In fact, we're laying down ports twice, once in horizon as a resource rewind of apache2s version, and once in graphite as a clone.

https://github.com/rcbops-cookbooks/graphite/blob/master/recipes/graphite.rb#L101

cfarquhar commented 10 years ago

This should help. With each run we alternate between having and not having an IP for the Listen and NameVirtualHost directives.
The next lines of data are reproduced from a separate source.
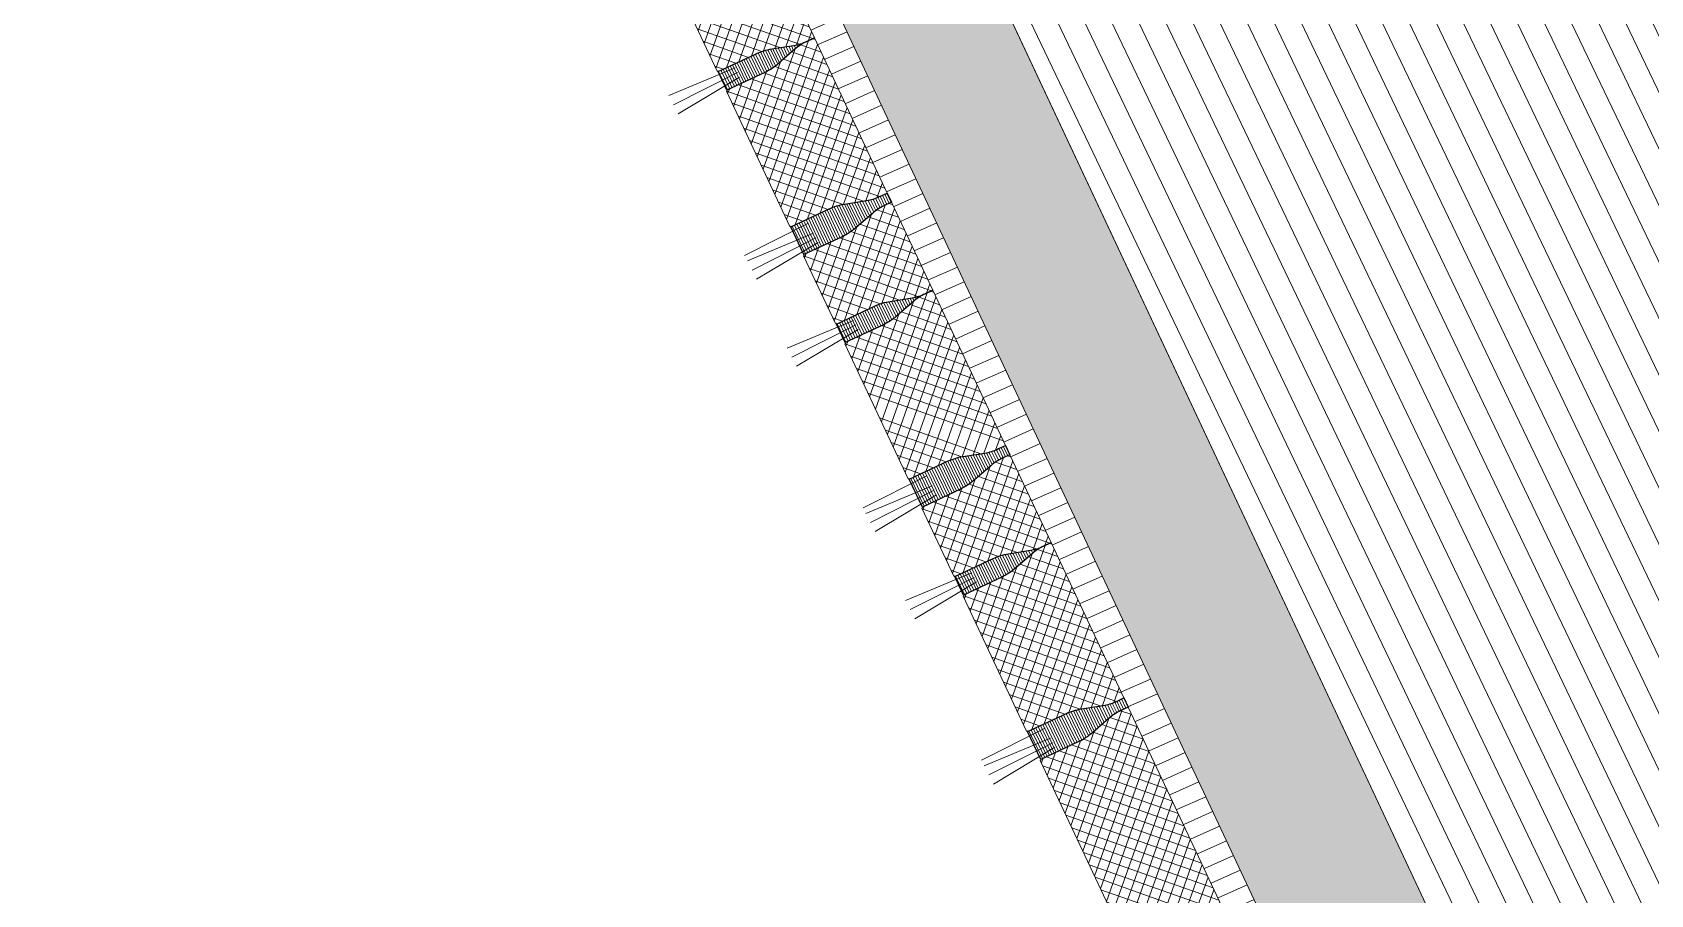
# Model space of a CAD drawing. Header units: metres. Extents: x 679304 to 680626, y 2747329 to 2750056.
# Drawn here: x 679488.645 to 679490.226, y 2747424.231 to 2747425.074 of the extents above; entities that cross this region are included whole.
import ezdxf

# ---------------------------------------------------------------- set-up
doc = ezdxf.new("R2010")
doc.units = ezdxf.units.M
doc.layers.add('-aux', color=50, linetype='Continuous', plot=False)
for name, color, linetype, lineweight in [('02-L-projecció', 6, 'Continuous', 5), ('02-L-seccionat', 4, 'Continuous', 5), ('1-L-GESPA', 64, 'Continuous', 0), ('3-TR Formigó', 252, 'Continuous', 0), ('3-TR terra compactada', 45, 'Continuous', 0), ('3-TR Tot-u', 37, 'Continuous', 0)]:
    doc.layers.add(name, color=color, linetype=linetype, lineweight=lineweight)
doc.layers.add('3- TR terra vegetal', color=253, linetype='Continuous', lineweight=0, true_color=0xbea68e)
doc.layers.add('3-TR sorra granitica', color=254, linetype='Continuous', lineweight=0, true_color=0xf2dac9)

# ---------------------------------------------------------------- blocks, each defined once
blk = doc.blocks.new('Font')
at = {"layer": '3- TR terra vegetal'}
h = blk.add_hatch(dxfattribs=at)
h.set_pattern_fill('_USER', color=256, scale=0.0025, angle=-18.20445689477926, style=0, pattern_type=0)
h.set_pattern_definition([(0.0715857154418002, (-43.60985330305993, 27.24598799529486), (-3.123515267e-06, 0.0024999980487297), [])])
edge = h.paths.add_edge_path()
edge.add_line((3.713287310674786, -4.708777938503772), (3.703287616837769, -4.708700009621679))
edge.add_line((3.703287616372108, -4.708700009621679), (3.703351483680307, -4.700504479464143))
edge.add_arc((3.654935399536043, -4.700127162970602), 0.0484175548952806, 359.5534912166783, 375.5525103427903)
edge.add_line((3.701580152381211, -4.687145380070433), (3.695795315317809, -4.66635992960073))
edge.add_arc((3.750847561284899, -4.65103823877871), 0.0571445887850234, 179.5534943690462, 195.5525134952646, ccw=False)
edge.add_line((3.69370470708236, -4.650592915946617), (3.694025218952447, -4.609465393936261))
edge.add_line((3.694025218952447, -4.60946539370343), (3.724095184821635, -4.609699732623994))
edge.add_line((3.724095184821635, -4.609699732623994), (3.723774671088904, -4.650827256031334))
edge.add_arc((3.66663181874901, -4.650381937157362), 0.0571445876364654, 343.55447941519253, 359.5534985415034, ccw=False)
edge.add_line((3.721438584383577, -4.666559771867468), (3.715330503880977, -4.68725253897719))
edge.add_arc((3.761767257470637, -4.700959722977131), 0.0484175483813429, 163.5544725454816, 179.5534916716945)
edge.add_line((3.713351178914308, -4.700582407414913), (3.713287309743463, -4.708777938969433))
edge.add_line((3.713287310674786, -4.708777938503772), (3.703287616837769, -4.708700009621679))
h = blk.add_hatch(dxfattribs=at)
h.set_pattern_fill('_USER', color=256, scale=0.0025, angle=-18.20445689477926, style=0, pattern_type=0)
h.set_pattern_definition([(0.0715857154418002, (-43.24244709918275, 27.24312825128436), (-3.123515267e-06, 0.0024999980487297), [])])
edge = h.paths.add_edge_path()
edge.add_line((3.88077338784933, -4.710083250887691), (3.880837256088852, -4.701887721195816))
edge.add_arc((3.832421171944588, -4.701510406099259), 0.048417555115193, 359.5534931793446, 375.5525123054567)
edge.add_line((3.879065923392772, -4.688528621103614), (3.873281087726354, -4.667743169702589))
edge.add_arc((3.928333336953073, -4.652421475388109), 0.0571445925419343, 179.5534972539193, 195.5525163801378, ccw=False)
edge.add_line((3.871190479956567, -4.651976155117154), (3.871510993223637, -4.610848634969443))
edge.add_line((3.871510992757976, -4.610848635202273), (3.891581261530518, -4.611005046172067))
edge.add_line((3.891581262461841, -4.611005046404898), (3.891260750126093, -4.652132566552609))
edge.add_arc((3.834117884282022, -4.651687242556363), 0.0571446002038041, 343.55447450271583, 359.5534936290267, ccw=False)
edge.add_line((3.888924661558121, -4.66786508494988), (3.882816581055521, -4.68855785112828))
edge.add_arc((3.929253331851214, -4.702265037223696), 0.0484175469721637, 163.5544702963147, 179.5534894225274)
edge.add_line((3.88083725515753, -4.701887719333171), (3.880773387150838, -4.710083250887691))
h = blk.add_hatch(dxfattribs=at)
h.set_pattern_fill('_USER', color=256, scale=0.0025, angle=-18.20445689477926, style=0, pattern_type=0)
h.set_pattern_definition([(0.0715857154418002, (-43.33740738267079, 27.24385765288025), (-3.123515267e-06, 0.0024999980487297), [])])
edge = h.paths.add_edge_path()
edge.add_line((3.985733231995254, -4.710908280685544), (3.975733538158237, -4.710830351803451))
edge.add_line((3.975733537226915, -4.710830351803451), (3.975797404535114, -4.702634821645915))
edge.add_arc((3.927381319925189, -4.702257505152374), 0.0484175548952806, 359.5534912166783, 375.5525103427903)
edge.add_line((3.974026072304695, -4.689275722019374), (3.968241235241293, -4.668490271549671))
edge.add_arc((4.023293481674045, -4.653168580960482), 0.0571445887850234, 179.5534943690462, 195.5525134952646, ccw=False)
edge.add_line((3.966150628402829, -4.652723257895559), (3.966471140272915, -4.611595735885202))
edge.add_line((3.966471140738576, -4.611595735885202), (3.996541106607764, -4.611830074805766))
edge.add_line((3.996541105210781, -4.611830074805766), (3.996220591478049, -4.652957598213106))
edge.add_arc((3.939077739138156, -4.652512279339134), 0.0571445876364654, 343.55447941519253, 359.5534985415034, ccw=False)
edge.add_line((3.993884504772722, -4.668690114282071), (3.987776424270123, -4.689382881391793))
edge.add_arc((4.034213178325444, -4.703090065158903), 0.0484175483813429, 163.5544725454816, 179.5534916716945)
edge.add_line((3.985797100234776, -4.702712749596685), (3.985733231063932, -4.710908281151205))
edge.add_line((3.985733231995254, -4.710908280685544), (3.975733538158237, -4.710830351803451))
h = blk.add_hatch(dxfattribs=at)
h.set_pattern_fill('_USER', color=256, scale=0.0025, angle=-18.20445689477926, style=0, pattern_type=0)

root@xxxxxx-controller01:~# md5sum /var/chef/backup/etc/apache2/ports.conf.chef-201403161*
1fb85d901766a1381f215bee4246011e  /var/chef/backup/etc/apache2/ports.conf.chef-20140316122801
9a60a3430b62e8838220d4dcf8d8ebae  /var/chef/backup/etc/apache2/ports.conf.chef-20140316125919
1fb85d901766a1381f215bee4246011e  /var/chef/backup/etc/apache2/ports.conf.chef-20140316125921
9a60a3430b62e8838220d4dcf8d8ebae  /var/chef/backup/etc/apache2/ports.conf.chef-20140316133039
1fb85d901766a1381f215bee4246011e  /var/chef/backup/etc/apache2/ports.conf.chef-20140316133041

root@xxxxxx-controller01:~# diff -u /etc/apache2/ports.conf /var/chef/backup/etc/apache2/ports.conf.chef-20140316133041
--- /etc/apache2/ports.conf     2014-03-16 13:30:41.702108427 +0000
+++ /var/chef/backup/etc/apache2/ports.conf.chef-20140316133041 2014-03-16 13:30:39.066029543 +0000
@@ -1,10 +1,10 @@
 #This file generated via template by Chef.
-Listen 80
-NameVirtualHost *:80
+Listen 0.0.0.0:80
+NameVirtualHost 0.0.0.0:80

-Listen 443
-NameVirtualHost *:443
+Listen 0.0.0.0:443
+NameVirtualHost 0.0.0.0:443

-Listen 8080
-NameVirtualHost *:8080
+Listen 0.0.0.0:8080
+NameVirtualHost 0.0.0.0:8080

root@xxxxxx-controller01:~# diff -u /etc/apache2/ports.conf /var/chef/backup/etc/apache2/ports.conf.chef-20140316133039
root@xxxxxx-controller01:~#
claco commented 10 years ago

@cfarquhar Thank you sir. That will definitely help in tracking this down. out of curiosity, do both versions work (with, and without 0.0.0.0:)?

mancdaz commented 10 years ago

The problem with cloned resources and chef-rewind, is that chef-rewind will only find and edit the first instance of the resource that it finds in the resource collection.

chef-rewind in the referenced issue is doing it's thang, but then the instance of the resource that's being created in the graphite cookbook is throwing things off again.

claco commented 10 years ago

This is why chef-edit exists. But cloning is usually the least of our problems. In the spc book, we do resources :type => "name" directly and have no clone warnings.

mancdaz commented 10 years ago

@claco I disconcur. cloning is the problem here. We edit one instance of the template resource to use the correct template (with listen IP:port), but the other resource does not get edited so it lays down the wrong template.

claco commented 10 years ago

Clones are mistakes. If your cookbook creates a clone, edit the resource instead. If upstream does, patch upstream. This is the game. I'm not saying it's great. So, the other resource should also be edited, rather than cloned-via-same-name.

mancdaz commented 10 years ago

@claco yes so we're both essentially saying that both instances of the resource need to be edited/rewound. Whether they are cloned with same name, or instanciated with different names - they are essentially the same resource that lay down the same file, and both need to be edited.

As it happens, the template in the upstream cookbook has been updated such that we don't need to rewind at all any more. As suggested by @odyssey4me in the referenced issue, we can just set the correct attrs before creating the resource.